Greater Biological Repair and Maintenance in Long-Lived Ant Queens
Eusocial insects are distinguished by queens that share the same genes as the workers but that, in many species, have a far longer life span. The expression of genes associated with aging is very different in queens, something that has been observed in both ants and bees. Given this, these species can serve as a laboratory in which to gather evidence for and against a variety of hypotheses about aging, its causes, and the degree to which specific causes are important. This paper is one example among many:
Since senescence is a detrimental process with important societal and economic impacts, substantial effort has been invested into understanding its causes and many theories have been proposed to explain its origins. One of these theories proposes that senescence is caused by macromolecular damage that accumulates with age due to incomplete somatic maintenance. Lifespan is thus expected to be modulated by investment into physiological processes of damage prevention and repair. So far, investigations of somatic maintenance have mostly focused on systems of damage prevention such as anti-oxidants, and have for the most part refuted the hypothesis that longevity is achieved through damage prevention. A possible explanation for this patterns is that there is a limited potential to freely modulate the amount of reactive oxygen species because they are important signalling molecules. Such constraints are unlikely to apply to systems of macro-molecular repair, which may effectively affect lifespan by modulating the accumulation of damage with age.
Various forms of macromolecular damage have been linked to senescence. For example, DNA may be damaged or mutated in several ways, and there is evidence from mammalian studies that mutations to genes involved in DNA repair accelerate senescence. Similarly, the cellular accumulation of damaged proteins can be toxic and a range of maintenance mechanisms exist to keep this accumulation in check, many of which have been linked to ageing and longevity. One such mechanism is the Ubiquitin Proteasome System (UPS), which degrades mis-folded or damaged proteins by labelling them with ubiquitin and subsequently degrading them. Subunits of the proteasome involved in the UPS have been found to be associated with lifespan and stress resistance in a range of species, from yeast to humans.
The aim of this study is to investigate whether natural variation in lifespan is associated with differential expression of genes involved in the repair of DNA and proteins. To study the role of these somatic repair genes, we take advantage of the striking variation found in social insects, where queens and workers can differ in their lifespan by more than an order of magnitude. Importantly, the difference in lifespan must be due to differences in gene expression, since there are usually no genetic differences between castes. A particularly interesting species for studies of ageing is the ant Lasius niger, where queens can survive as long as 29 years whereas workers live for only one or two years even in laboratory conditions. Since lifespan is expected to be modulated by investment into somatic damage repair, we test the prediction that queens of L. niger have higher expression of somatic repair genes than workers.

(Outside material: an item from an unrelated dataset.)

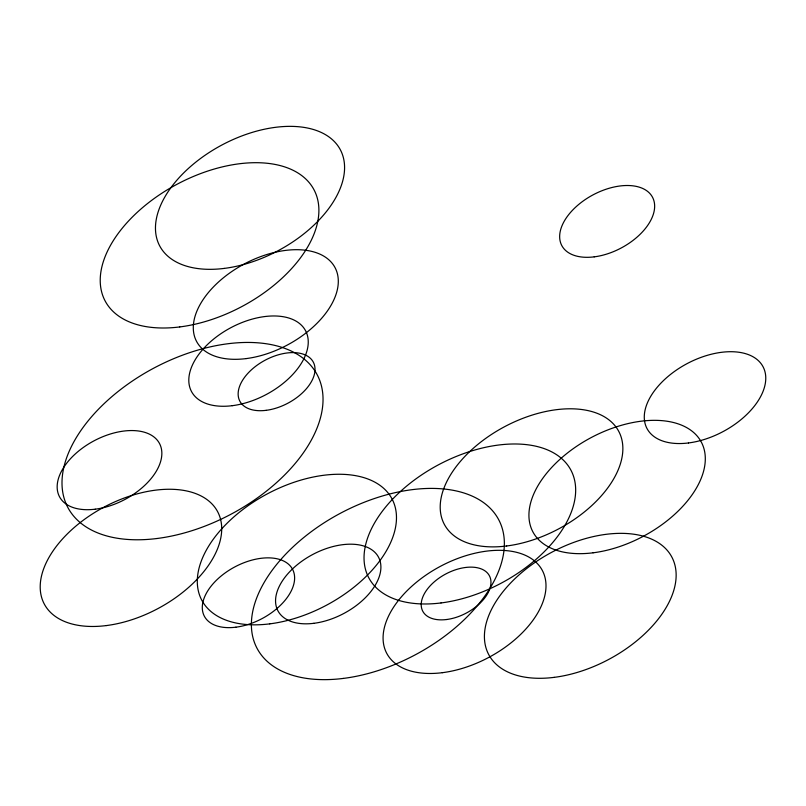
<?xml version="1.0" encoding="UTF-8"?>
<svg xmlns="http://www.w3.org/2000/svg" width="806" height="806" viewBox="0 0 806 806"><rect width="100%" height="100%" fill="white"/><g stroke="black" fill="none" stroke-linecap="round" stroke-linejoin="round"><path stroke-width="1.21" d="M235.896 627.189A49.942 29.207 -28.1 0 0 293.213 570.678A49.942 29.207 -28.1 0 0 216.3 580.37A49.942 29.207 -28.1 0 0 235.896 627.189M594.213 256.852A51.393 30.064 -28.1 0 0 653.203 198.699A51.393 30.064 -28.1 0 0 574.053 208.673A51.393 30.064 -28.1 0 0 594.213 256.852M246.042 358.61A78.454 45.892 -28.1 0 0 336.092 269.839A78.454 45.892 -28.1 0 0 215.262 285.072A78.454 45.892 -28.1 0 0 246.042 358.61M156.948 538.509A141.231 82.615 -28.1 0 0 319.055 378.709A141.231 82.615 -28.1 0 0 101.546 406.123A141.231 82.615 -28.1 0 0 156.948 538.509M441.013 602.948A114.512 66.989 -28.1 0 0 572.441 473.384A114.512 66.989 -28.1 0 0 396.089 495.609A114.512 66.989 -28.1 0 0 441.013 602.948M506.652 545.984A98.816 57.8 -28.1 0 0 620.076 434.172A98.816 57.8 -28.1 0 0 467.883 453.355A98.816 57.8 -28.1 0 0 506.652 545.984M593.095 552.805A95.43 55.816 -28.1 0 0 702.62 444.841A95.43 55.816 -28.1 0 0 555.656 463.359A95.43 55.816 -28.1 0 0 593.095 552.805M446.584 619.522A37.731 22.074 -28.1 0 0 489.897 576.824A37.731 22.074 -28.1 0 0 431.774 584.149A37.731 22.074 -28.1 0 0 446.584 619.522M343.406 678.41A136.879 80.066 -28.1 0 0 500.506 523.537A136.879 80.066 -28.1 0 0 289.707 550.115A136.879 80.066 -28.1 0 0 343.406 678.41M554.155 677.362A103.732 60.682 -28.1 0 0 673.222 559.989A103.732 60.682 -28.1 0 0 513.452 580.129A103.732 60.682 -28.1 0 0 554.155 677.362M106.231 625.587A98.211 57.448 -28.1 0 0 218.95 514.47A98.211 57.448 -28.1 0 0 67.704 533.532A98.211 57.448 -28.1 0 0 106.231 625.587M266.121 410.335A41.59 24.321 -28.1 0 0 313.846 363.274A41.59 24.321 -28.1 0 0 249.8 371.354A41.59 24.321 -28.1 0 0 266.121 410.335M688.475 442.957A65.729 38.446 -28.1 0 0 763.917 368.584A65.729 38.446 -28.1 0 0 662.683 381.349A65.729 38.446 -28.1 0 0 688.475 442.957M232.249 405.69A64.631 37.811 -28.1 0 0 306.431 332.566A64.631 37.811 -28.1 0 0 206.89 345.109A64.631 37.811 -28.1 0 0 232.249 405.69M179.758 326.934A118.311 69.205 -28.1 0 0 315.559 193.067A118.311 69.205 -28.1 0 0 133.353 216.038A118.311 69.205 -28.1 0 0 179.758 326.934M224.249 268.408A102.322 59.856 -28.1 0 0 341.694 152.626A102.322 59.856 -28.1 0 0 184.111 172.494A102.322 59.856 -28.1 0 0 224.249 268.408M442.333 672.688A88.146 51.564 -28.1 0 0 543.516 572.955A88.146 51.564 -28.1 0 0 407.755 590.063A88.146 51.564 -28.1 0 0 442.333 672.688M269.748 623.864A107.762 63.039 -28.1 0 0 393.439 501.926A107.762 63.039 -28.1 0 0 227.473 522.852A107.762 63.039 -28.1 0 0 269.748 623.864M95.239 509.19A56.642 33.137 -28.1 0 0 160.253 445.093A56.642 33.137 -28.1 0 0 73.014 456.095A56.642 33.137 -28.1 0 0 95.239 509.19M313.877 623.31A56.994 33.338 -28.1 0 0 379.294 558.82A56.994 33.338 -28.1 0 0 291.52 569.882A56.994 33.338 -28.1 0 0 313.877 623.31"/></g></svg>

Our analysis of 20 somatic repair genes revealed that queens and workers did not differ in their pattern of expression in 1-day-old individuals. The level of expression of these genes increased with age and this up-regulation was slightly greater in queens than in workers, resulting in significantly queen-biased expression of the 20 somatic repair genes in 2-month-old individuals in both legs and brains. Similarly, analysis of 244 genes related to DNA repair revealed no effect of caste on expression in 1-day-old individuals, but a greater up-regulation with age in queens than workers, resulting in significant queen-biased expression in the legs of 2-month-old individuals. Overall, the combination of these analyses indicates a lack of concerted differences in somatic repair gene expression between 1-day-old queens and workers, but a significantly higher level of expression in queens than workers in 2-month-old individuals.
Overall, the differences in somatic repair gene expression that we have identified between queens and workers are consistent with the hypothesis that longevity is associated with investment into somatic repair. This contrasts with results from studies investigating the process of damage prevention through anti-oxidant enzymes in social insects, where expression of antioxidant genes was found to be higher in workers than queens, perhaps to compensate for workers' the increased levels of activity. Our results suggest that damage repair may be more relevant to lifespan than removal of antioxidants. One reason for this could be the important role that antioxidants play in critical biological processes, which prevents them from being freely modulated.